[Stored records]
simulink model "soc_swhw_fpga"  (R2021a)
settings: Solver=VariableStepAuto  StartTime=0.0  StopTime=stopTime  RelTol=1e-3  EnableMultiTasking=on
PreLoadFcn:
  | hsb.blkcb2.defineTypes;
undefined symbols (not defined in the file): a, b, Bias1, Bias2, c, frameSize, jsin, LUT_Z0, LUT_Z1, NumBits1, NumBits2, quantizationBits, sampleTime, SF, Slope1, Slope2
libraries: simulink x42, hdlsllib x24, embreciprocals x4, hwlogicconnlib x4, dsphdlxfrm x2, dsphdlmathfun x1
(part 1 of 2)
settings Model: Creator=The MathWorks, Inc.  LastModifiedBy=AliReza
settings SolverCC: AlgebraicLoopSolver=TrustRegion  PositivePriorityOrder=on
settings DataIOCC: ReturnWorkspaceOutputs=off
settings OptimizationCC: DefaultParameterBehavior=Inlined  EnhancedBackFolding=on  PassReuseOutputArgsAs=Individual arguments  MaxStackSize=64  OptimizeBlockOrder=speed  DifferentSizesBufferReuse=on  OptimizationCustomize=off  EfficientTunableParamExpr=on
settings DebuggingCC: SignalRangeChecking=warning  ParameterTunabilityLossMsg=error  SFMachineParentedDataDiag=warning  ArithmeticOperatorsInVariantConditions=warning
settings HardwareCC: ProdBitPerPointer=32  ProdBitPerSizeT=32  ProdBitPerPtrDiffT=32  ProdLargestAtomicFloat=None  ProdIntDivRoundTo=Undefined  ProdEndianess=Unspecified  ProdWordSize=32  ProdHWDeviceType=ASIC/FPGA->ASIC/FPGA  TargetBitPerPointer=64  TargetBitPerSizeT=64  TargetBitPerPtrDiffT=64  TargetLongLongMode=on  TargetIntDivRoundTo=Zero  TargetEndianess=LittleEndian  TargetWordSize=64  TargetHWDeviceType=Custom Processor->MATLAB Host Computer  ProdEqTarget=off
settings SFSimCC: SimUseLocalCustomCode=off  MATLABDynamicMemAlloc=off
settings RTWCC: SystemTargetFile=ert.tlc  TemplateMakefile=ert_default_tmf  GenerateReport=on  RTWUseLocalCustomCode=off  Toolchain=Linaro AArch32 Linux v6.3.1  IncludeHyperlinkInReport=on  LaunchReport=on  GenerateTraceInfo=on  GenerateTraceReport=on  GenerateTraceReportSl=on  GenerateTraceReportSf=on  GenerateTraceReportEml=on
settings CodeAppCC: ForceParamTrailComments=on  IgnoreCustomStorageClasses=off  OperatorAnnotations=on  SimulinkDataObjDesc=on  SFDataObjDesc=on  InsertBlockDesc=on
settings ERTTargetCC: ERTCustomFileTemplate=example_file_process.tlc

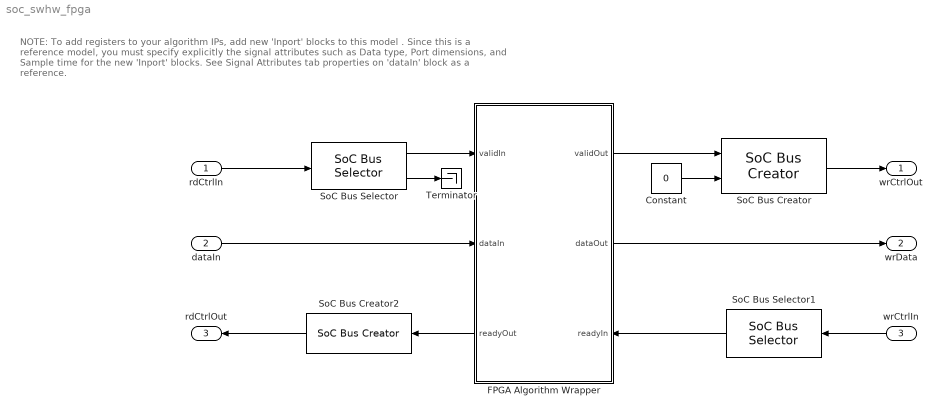
== system soc_swhw_fpga ==
  note: NOTE:
      | To add registers to your algorithm IPs, add new 'Inport' blocks to this model . Since this is a reference model, you must specify explicitly the signal attributes such as Data type, Port dimensions, and Sample time for the new 'Inport' blocks. See Signal Attributes tab properties on 'dataIn' block as a reference.
  rdCtrlIn : Inport  OutDataTypeStr=Bus: StreamM2SBusObj  SampleTime=sampleTime
  dataIn : Inport  Port=2  OutDataTypeStr=fixdt(1,32,30)  SampleTime=sampleTime
  wrCtrlIn : Inport  Port=3  OutDataTypeStr=Bus: StreamS2MBusObj  SampleTime=sampleTime
  Constant : Constant  Value=0  OutDataTypeStr=boolean  SampleTime=sampleTime
  FPGA Algorithm Wrapper : Subsystem  TreatAsAtomicUnit=on
      settings: PortSchema="{\"entries\":[{\"content\":{\"sides\":[{\"content\":{\"connectorIds\":[\"In1\",\"In2\",\"Out3\"]},\"type\":\"ConnectorPlacement.EquallySpacedRectSide\",\"uuid\":\"ebbc010d-f6ed-4988-870b-259581305fe2\"},{\"content\":{\"connectorIds\":[\"Out1\",\"Out2\",\"In3\"],\"side\":\"RIGHT\"},\"type\":\"ConnectorPlacement.EquallySpacedRectSide\",\"uuid\":\"4c5f59b6-7994-4c6f-b220-a18d8cf0d52f\"},{\"content\":{\"connectorIds\":[],\"side\":\"TOP\"},\"type\":\"ConnectorPlacement.EquallySpacedRectSide\",\"uuid\":\"7f6aff54-293a-4a30-be7c-233675f72493\"}]},\"type\":\"ConnectorPlacement.EquallySpacedConnector\",\"uuid\":\"db962109-073c-4896-87dc-fdd91b0482ef\"}],\"packageUris\":[\"http://schema.mathworks.com/mf0/Connector/R2020b\"],\"version\":\"1.0\"}"
  SoC Bus Creator : hwlogicconnlib/SoC Bus Creator  Protocol=Data stream  ctrltype=Valid
      settings: SourceProductBaseCode=HW
  SoC Bus Creator2 : hwlogicconnlib/SoC Bus Creator  Protocol=Data stream  ctrltype=Ready
      settings: SourceProductBaseCode=HW
  SoC Bus Selector : hwlogicconnlib/SoC Bus Selector  Protocol=Data stream  ctrltype=Valid
      settings: SourceProductBaseCode=HW
  SoC Bus Selector1 : hwlogicconnlib/SoC Bus Selector  Protocol=Data stream  ctrltype=Ready
      settings: SourceProductBaseCode=HW
  Terminator : Terminator
  wrCtrlOut : Outport  OutDataTypeStr=Bus: StreamM2SBusObj  SampleTime=sampleTime  InitialOutput=0
  wrData : Outport  Port=2  OutDataTypeStr=fixdt(1,32,30)  SampleTime=sampleTime  InitialOutput=0
  rdCtrlOut : Outport  Port=3  OutDataTypeStr=Bus: StreamS2MBusObj  SampleTime=sampleTime  VectorParamsAs1DForOutWhenUnconnected=off
  wires:
  FPGA Algorithm Wrapper/2(dataOut) -> wrData/1
  FPGA Algorithm Wrapper/3(readyOut) -> SoC Bus Creator2/1
  rdCtrlIn/1 -> SoC Bus Selector/1
  SoC Bus Selector/2 -> Terminator/1
  SoC Bus Selector/1 -> FPGA Algorithm Wrapper/1(validIn)
  wrCtrlIn/1 -> SoC Bus Selector1/1
  SoC Bus Selector1/1 -> FPGA Algorithm Wrapper/3(readyIn)
  SoC Bus Creator/1 -> wrCtrlOut/1
  Constant/1 -> SoC Bus Creator/2
  FPGA Algorithm Wrapper/1(validOut) -> SoC Bus Creator/1
  SoC Bus Creator2/1 -> rdCtrlOut/1
  dataIn/1 -> FPGA Algorithm Wrapper/2(dataIn)

== system soc_swhw_fpga/FPGA Algorithm Wrapper ==
  validIn : Inport
  dataIn : Inport  Port=2
  readyIn : Inport  Port=3
  Back Pressure Logic : Subsystem
      settings: PortSchema="{\"entries\":[{\"content\":{\"sides\":[{\"content\":{\"connectorIds\":[\"In1\"]},\"type\":\"ConnectorPlacement.EquallySpacedRectSide\",\"uuid\":\"912a6083-9037-4ca3-b997-83c20c2534e2\"},{\"content\":{\"connectorIds\":[\"Out1\"],\"side\":\"RIGHT\"},\"type\":\"ConnectorPlacement.EquallySpacedRectSide\",\"uuid\":\"0a4022bf-ea92-4476-83a7-d91128e221ed\"},{\"content\":{\"connectorIds\":[\"In2\",\"In3\"],\"side\":\"TOP\"},\"type\":\"ConnectorPlacement.EquallySpacedRectSide\",\"uuid\":\"948d5154-6bca-4e11-895e-98e4a1bdb5ab\"}]},\"type\":\"ConnectorPlacement.EquallySpacedConnector\",\"uuid\":\"6e974481-eff9-401c-a245-15807e59a0fd\"}],\"packageUris\":[\"http://schema.mathworks.com/mf0/Connector/R2020b\"],\"version\":\"1.0\"}"
  Enhacement Algorithm MMSE : Subsystem
  Feature Extraction : Subsystem
  Input Adapter : Subsystem
  Output Adapter : Subsystem
  validOut : Outport  InitialOutput=0
  dataOut : Outport  Port=2  InitialOutput=0
  readyOut : Outport  Port=3
  wires:
  dataIn/1 -> Input Adapter/2(dataIn)
  Output Adapter/2(dataOut) -> dataOut/1
  validIn/1 -> Back Pressure Logic/2(validIn1), Input Adapter/1(validIn)
  Output Adapter/1(validOut) -> Back Pressure Logic/3(validIn2), validOut/1
  Back Pressure Logic/1(readyOut) -> readyOut/1
  readyIn/1 -> Back Pressure Logic/1(readyIn)
  Input Adapter/3(pwrSpectrum) -> Feature Extraction/5(noisyPwrSpectrum)
  Input Adapter/2(magSpectrum) -> Enhacement Algorithm MMSE/6(noisyMagSpectrum), Feature Extraction/4(noisyMagSpectrum)
  Input Adapter/4(phaseValidOut) -> Output Adapter/3(phaseValidIn)
  Input Adapter/5(phase) -> Output Adapter/4(phaseIn)
  Enhacement Algorithm MMSE/1(enhancedMagSpectrumValid) -> Output Adapter/1(enhancedMagSpectrumValid), Feature Extraction/1(enhacedMagValidIn)
  Enhacement Algorithm MMSE/2(enhancedMagSpectrum) -> Output Adapter/2(enhancedMagSpectrum), Feature Extraction/2(enhancedMagSpectrum)
  Feature Extraction/1(aPrioriSnrValid) -> Enhacement Algorithm MMSE/1(aPrioriSnrValid)
  Feature Extraction/2(aPrioriSnr) -> Enhacement Algorithm MMSE/2(aPrioriSnr)
  Feature Extraction/3(aPosterioriSnrValid) -> Enhacement Algorithm MMSE/3(aPosterioriSnrValid)
  Input Adapter/1(SpectrumValidOut) -> Enhacement Algorithm MMSE/5(noisyMagSpectrumValid), Feature Extraction/3(noisyMagValidIn)
  Feature Extraction/4(aPosterioriSnr) -> Enhacement Algorithm MMSE/4(aPosterioriSnr)

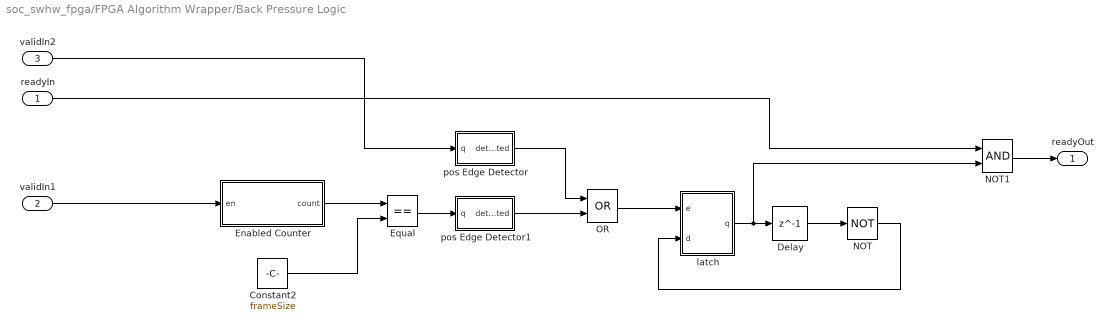
== system soc_swhw_fpga/FPGA Algorithm Wrapper/Back Pressure Logic ==
  readyIn : Inport
  validIn1 : Inport  Port=2
  validIn2 : Inport  Port=3
  Constant2 : Constant  Value=frameSize  OutDataTypeStr=fixdt(0, quantizationBits, 0)  SampleTime=-1
  Delay : Delay  DelayLength=1  InitialCondition=1
  Enabled Counter : Subsystem  TreatAsAtomicUnit=on  mask(Counter){maxCount=frameSize, sampleTime=-1}
      mask prompts: maxCount "Maximum count:"; sampleTime "Sample Time:"
  Equal : RelationalOperator  Operator===  OutDataTypeStr=boolean  RndMeth=Simplest
  NOT : Logic  Operator=NOT  AllPortsSameDT=off  OutDataTypeStr=boolean
  NOT1 : Logic  AllPortsSameDT=off  OutDataTypeStr=boolean
  OR : Logic  Operator=OR  AllPortsSameDT=off  OutDataTypeStr=boolean
  latch : Subsystem
  pos Edge Detector : Subsystem
  pos Edge Detector1 : Subsystem
  readyOut : Outport
  wires:
  Constant2/1 -> Equal/2
  Enabled Counter/1(count) -> Equal/1
  Equal/1 -> pos Edge Detector1/1(q)
  validIn1/1 -> Enabled Counter/1(en)
  Delay/1 -> NOT/1
  NOT/1 -> latch/2(d)
  pos Edge Detector1/1(detected) -> OR/2
  OR/1 -> latch/1(e)
  pos Edge Detector/1(detected) -> OR/1
  validIn2/1 -> pos Edge Detector/1(q)
  NOT1/1 -> readyOut/1
  readyIn/1 -> NOT1/1
  latch/1(q) -> NOT1/2, Delay/1

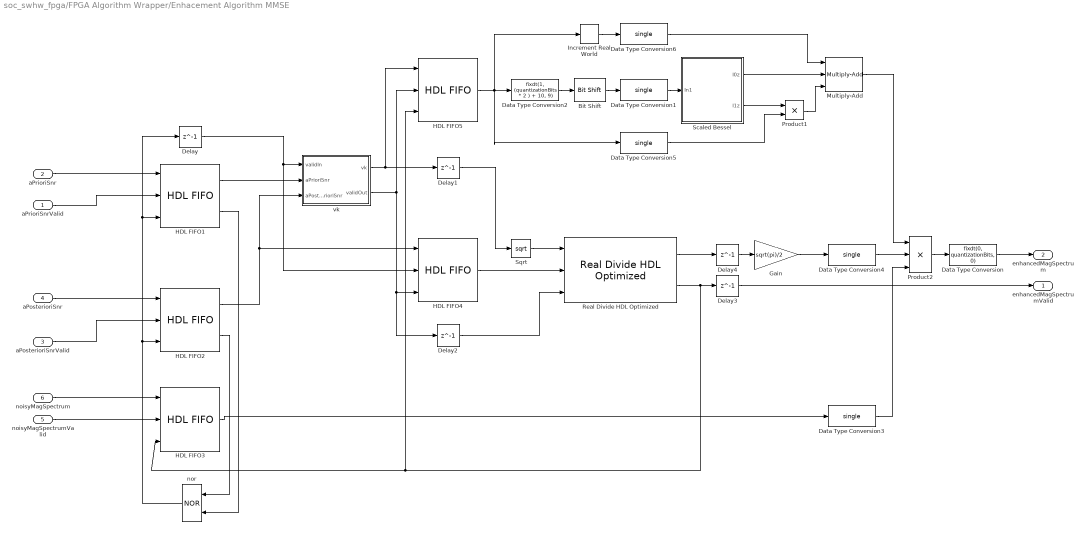
== system soc_swhw_fpga/FPGA Algorithm Wrapper/Enhacement Algorithm MMSE ==
  aPrioriSnrValid : Inport
  aPrioriSnr : Inport  Port=2
  aPosterioriSnrValid : Inport  Port=3
  aPosterioriSnr : Inport  Port=4
  noisyMagSpectrumValid : Inport  Port=5
  noisyMagSpectrum : Inport  Port=6
  Bit Shift : hdlsllib/Logic and Bit Operations/Bit Shift  mode=Shift Right Arithmetic  N=1
  Data Type Conversion : DataTypeConversion  OutDataTypeStr=fixdt(0, quantizationBits, 0)
  Data Type Conversion1 : DataTypeConversion  OutDataTypeStr=single  RndMeth=Simplest
  Data Type Conversion2 : DataTypeConversion  OutDataTypeStr=fixdt(1, (quantizationBits * 2 ) + 10, 9)
  Data Type Conversion3 : DataTypeConversion  OutDataTypeStr=single
  Data Type Conversion4 : DataTypeConversion  OutDataTypeStr=single
  Data Type Conversion5 : DataTypeConversion  OutDataTypeStr=single  RndMeth=Simplest
  Data Type Conversion6 : DataTypeConversion  OutDataTypeStr=single  RndMeth=Simplest
  Delay{,1..4} (5 alike) : Delay  DelayLength=1
  Gain : Gain  Gain=sqrt(pi)/2  ParamDataTypeStr=fixdt(0,16,16)  OutDataTypeStr=Inherit: Same as input
  HDL FIFO1 : hdlsllib/HDL RAMs/HDL FIFO  fifo_size=2^(ceil(log2(frameSize)) - 1)  mode=Classic  ratio=1  push_msg=Warning  pop_msg=Warning  show_empty=on  show_full=off  show_num=off  LabelModeActiveChoice_Mode=Classic
      settings: SourceProductBaseCode=SL
  HDL FIFO2 : hdlsllib/HDL RAMs/HDL FIFO  fifo_size=2^(ceil(log2(frameSize)) - 1)  mode=Classic  ratio=1  push_msg=Warning  pop_msg=Warning  show_empty=on  show_full=off  show_num=off  LabelModeActiveChoice_Mode=Classic
      settings: SourceProductBaseCode=SL
  HDL FIFO3 : hdlsllib/HDL RAMs/HDL FIFO  fifo_size=2^(ceil(log2(frameSize)) - 1)  mode=Classic  ratio=1  push_msg=Warning  pop_msg=Warning  show_empty=off  show_full=off  show_num=off  LabelModeActiveChoice_Mode=Classic
      settings: SourceProductBaseCode=SL
  HDL FIFO4 : hdlsllib/HDL RAMs/HDL FIFO  fifo_size=256  mode=Classic  ratio=1  push_msg=Warning  pop_msg=Warning  show_empty=off  show_full=off  show_num=off  LabelModeActiveChoice_Mode=Classic
      settings: SourceProductBaseCode=SL
  HDL FIFO5 : hdlsllib/HDL RAMs/HDL FIFO  fifo_size=256  mode=Classic  ratio=1  push_msg=Warning  pop_msg=Warning  show_empty=off  show_full=off  show_num=off  LabelModeActiveChoice_Mode=Classic
      settings: SourceProductBaseCode=SL
  Increment Real World : simulink/Additional Math & Discrete/Additional Math: Increment - Decrement/Increment Real World
      settings: SourceProductBaseCode=SL
  Multiply-Add : hdlsllib/HDL Operations/Multiply-Add  Function=c+(a.*b)  datatype=Inherit: Inherit via internal rule  RndMeth=Simplest  DoSatur=off  FMA=off
      settings: SourceProductBaseCode=SL
  Product1 : Product
  Product2 : Product  Inputs=3  RndMeth=Simplest
  Real Divide HDL Optimized : embreciprocals/Real Divide HDL Optimized  OutputType=fixdt(1, (quantizationBits * 2 ) + 17, 16)
      settings: SourceProductBaseCode=SL
  Scaled Bessel : Subsystem
  Sqrt : Sqrt  OutputSignalType=real  OutDataTypeStr=fixdt(1, (quantizationBits) + 17, 16)  SaturateOnIntegerOverflow=on
  nor : Logic  Operator=NOR  AllPortsSameDT=off  OutDataTypeStr=boolean
  vk : Subsystem
  enhancedMagSpectrumValid : Outport
  enhancedMagSpectrum : Outport  Port=2
  wires:
  noisyMagSpectrum/1 -> HDL FIFO3/1
  noisyMagSpectrumValid/1 -> HDL FIFO3/2
  aPosterioriSnrValid/1 -> HDL FIFO2/2
  aPrioriSnrValid/1 -> HDL FIFO1/2
  nor/1 -> Delay/1, HDL FIFO1/3, HDL FIFO2/3
  HDL FIFO2/2 -> nor/1
  HDL FIFO1/2 -> nor/2
  HDL FIFO1/1 -> vk/2(aPrioriSnr)
  Sqrt/1 -> Real Divide HDL Optimized/1
  Delay4/1 -> Gain/1
  HDL FIFO5/1 -> Data Type Conversion5/1, Increment Real World/1, Data Type Conversion2/1
  Data Type Conversion1/1 -> Scaled Bessel/1(In1)
  Scaled Bessel/1(I0z) -> Multiply-Add/2
  Increment Real World/1 -> Data Type Conversion6/1
  Scaled Bessel/2(I1z) -> Product1/1
  Product1/1 -> Multiply-Add/3
  Gain/1 -> Data Type Conversion4/1
  HDL FIFO3/1 -> Data Type Conversion3/1
  Product2/1 -> Data Type Conversion/1
  Delay/1 -> HDL FIFO4/2, vk/1(validIn)
  Data Type Conversion/1 -> enhancedMagSpectrum/1
  HDL FIFO4/1 -> Real Divide HDL Optimized/2
  vk/2(validOut) -> Delay2/1, HDL FIFO4/3, HDL FIFO5/2
  Delay2/1 -> Real Divide HDL Optimized/3
  Delay1/1 -> Sqrt/1
  vk/1(vk) -> Delay1/1, HDL FIFO5/1
  Real Divide HDL Optimized/2 -> Delay3/1, HDL FIFO3/3, HDL FIFO5/3
  Delay3/1 -> enhancedMagSpectrumValid/1
  Real Divide HDL Optimized/1 -> Delay4/1
  Data Type Conversion3/1 -> Product2/3
  aPosterioriSnr/1 -> HDL FIFO2/1
  aPrioriSnr/1 -> HDL FIFO1/1
  HDL FIFO2/1 -> HDL FIFO4/1, vk/3(aPosterioriSnr)
  Bit Shift/1 -> Data Type Conversion1/1
  Data Type Conversion2/1 -> Bit Shift/1
  Data Type Conversion4/1 -> Product2/2
  Multiply-Add/1 -> Product2/1
  Data Type Conversion5/1 -> Product1/2
  Data Type Conversion6/1 -> Multiply-Add/1

== system soc_swhw_fpga/FPGA Algorithm Wrapper/Feature Extraction ==
  enhacedMagValidIn : Inport
  enhancedMagSpectrum : Inport  Port=2
  noisyMagValidIn : Inport  Port=3
  noisyMagSpectrum : Inport  Port=4
  noisyPwrSpectrum : Inport  Port=5
  VAD : Subsystem  Commented=on
  aPosterioriSNR : Subsystem
  aPrioriSNR : Subsystem
  aPrioriSnrValid : Outport
  aPrioriSnr : Outport  Port=2
  aPosterioriSnrValid : Outport  Port=3
  aPosterioriSnr : Outport  Port=4
  wires:
  aPrioriSNR/1(validOut) -> aPrioriSnrValid/1
  aPrioriSNR/2(aPrioriSnr) -> aPrioriSnr/1
  aPosterioriSNR/3(noisePwrSpectrum) -> aPrioriSNR/5(noisePwrSpectrum)
  enhacedMagValidIn/1 -> aPrioriSNR/1(MagValidIn)
  noisyPwrSpectrum/1 -> aPosterioriSNR/3(pwrSpectrum)
  noisyMagSpectrum/1 -> aPosterioriSNR/2(magSpectrum)
  enhancedMagSpectrum/1 -> aPrioriSNR/2(enhancedMagSpectrum)
  aPosterioriSNR/2(aPosterioriSNR) -> aPrioriSNR/3(aPosterioriSNR), aPosterioriSnr/1
  aPosterioriSNR/1(validOut) -> aPrioriSNR/4(SnrValidIn), aPosterioriSnrValid/1
  noisyMagValidIn/1 -> aPosterioriSNR/1(validIn)

== system soc_swhw_fpga/FPGA Algorithm Wrapper/Input Adapter ==
  validIn : Inport
  dataIn : Inport  Port=2
  FFT : Subsystem
  Hamming Window : Subsystem  TreatAsAtomicUnit=on
  Quantize : Subsystem  TreatAsAtomicUnit=on
  Single-Sided Spectrum : Subsystem
  Zero Pad : Subsystem
  SpectrumValidOut : Outport
  magSpectrum : Outport  Port=2
  pwrSpectrum : Outport  Port=3
  phaseValidOut : Outport  Port=4
  phase : Outport  Port=5
  wires:
  dataIn/1 -> Quantize/2(dataIn)
  Quantize/1(validOut) -> Hamming Window/1(validIn)
  Quantize/2(dataOut) -> Hamming Window/2(dataIn)
  Hamming Window/1(validOut) -> Zero Pad/1(validIn)
  Hamming Window/2(dataOut) -> Zero Pad/2(dataIn)
  Zero Pad/1(validOut) -> FFT/1(validIn)
  Zero Pad/2(dataOut) -> FFT/2(dataIn)
  validIn/1 -> Quantize/1(validIn)
  FFT/1(validOut) -> Single-Sided Spectrum/1(validIn)
  FFT/2(dataOut) -> Single-Sided Spectrum/2(dataIn)
  Single-Sided Spectrum/1(SpectrumValidOut) -> SpectrumValidOut/1
  Single-Sided Spectrum/2(magSpectrum) -> magSpectrum/1
  Single-Sided Spectrum/3(pwrSpectrum) -> pwrSpectrum/1
  Single-Sided Spectrum/4(phaseValidOut) -> phaseValidOut/1
  Single-Sided Spectrum/5(phase) -> phase/1

== system soc_swhw_fpga/FPGA Algorithm Wrapper/Output Adapter ==
  enhancedMagSpectrumValid : Inport
  enhancedMagSpectrum : Inport  Port=2
  phaseValidIn : Inport  Port=3
  phaseIn : Inport  Port=4
  De-Quantize : Subsystem  TreatAsAtomicUnit=on
  IFFT : Subsystem
  Magnitude and Phase to Complex : Subsystem
  Spectrum Mirror : Subsystem
  Zero Chop : Subsystem
  validOut : Outport
  dataOut : Outport  Port=2
  wires:
  IFFT/2(dataOut) -> Zero Chop/2(dataIn)
  IFFT/1(validOut) -> Zero Chop/1(validIn)
  De-Quantize/1(validOut) -> validOut/1
  De-Quantize/2(dataOut) -> dataOut/1
  enhancedMagSpectrum/1 -> Spectrum Mirror/2(dataIn)
  enhancedMagSpectrumValid/1 -> Spectrum Mirror/1(validIn)
  Zero Chop/1(validOut) -> De-Quantize/1(validIn)
  Zero Chop/2(dataOut) -> De-Quantize/2(dataIn)
  Spectrum Mirror/1(validOut) -> Magnitude and Phase to Complex/1(magnitudeValidIn)
  Spectrum Mirror/2(dataOut) -> Magnitude and Phase to Complex/2(magnitudeIn)
  Magnitude and Phase to Complex/1(validOut) -> IFFT/1(validIn)
  Magnitude and Phase to Complex/2(dataOut) -> IFFT/2(dataIn)
  phaseValidIn/1 -> Magnitude and Phase to Complex/3(phaseValidIn)
  phaseIn/1 -> Magnitude and Phase to Complex/4(phaseIn)

== system soc_swhw_fpga/FPGA Algorithm Wrapper/Back Pressure Logic/Enabled Counter ==
  en : Inport
  Add : Sum  AccumDataTypeStr=uint(floor(log2(maxCount))+1)  OutDataTypeStr=uint(floor(log2(maxCount))+1)  RndMeth=Simplest
  Compare To Constant : simulink/Logic and Bit Operations/Compare To Constant  relop===  const=maxCount  OutDataTypeStr=boolean
  Constant : Constant  OutDataTypeStr=uint(floor(log2(maxCount))+1)  SampleTime=-1
  Constant1 : Constant  Value=0  OutDataTypeStr=uint(floor(log2(maxCount))+1)  SampleTime=-1
  Delay One Step : Delay  DelayLength=1  InitialCondition=0
  Delay One Step1 : Delay  DelayLength=1  InitialCondition=0
  Multiport Switch : MultiPortSwitch  DataPortOrder=Zero-based contiguous  Inputs=2  zeroidx=on
  Multiport Switch1 : MultiPortSwitch  DataPortOrder=Zero-based contiguous  Inputs=2  zeroidx=on
  Multiport Switch2 : MultiPortSwitch  DataPortOrder=Zero-based contiguous  Inputs=2  zeroidx=on
  count : Outport
  wires:
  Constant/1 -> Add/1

* **Work task**: For each line above that contains "MMSE", add one to a count, then state only the final number.

* **Answer to the problem**: 10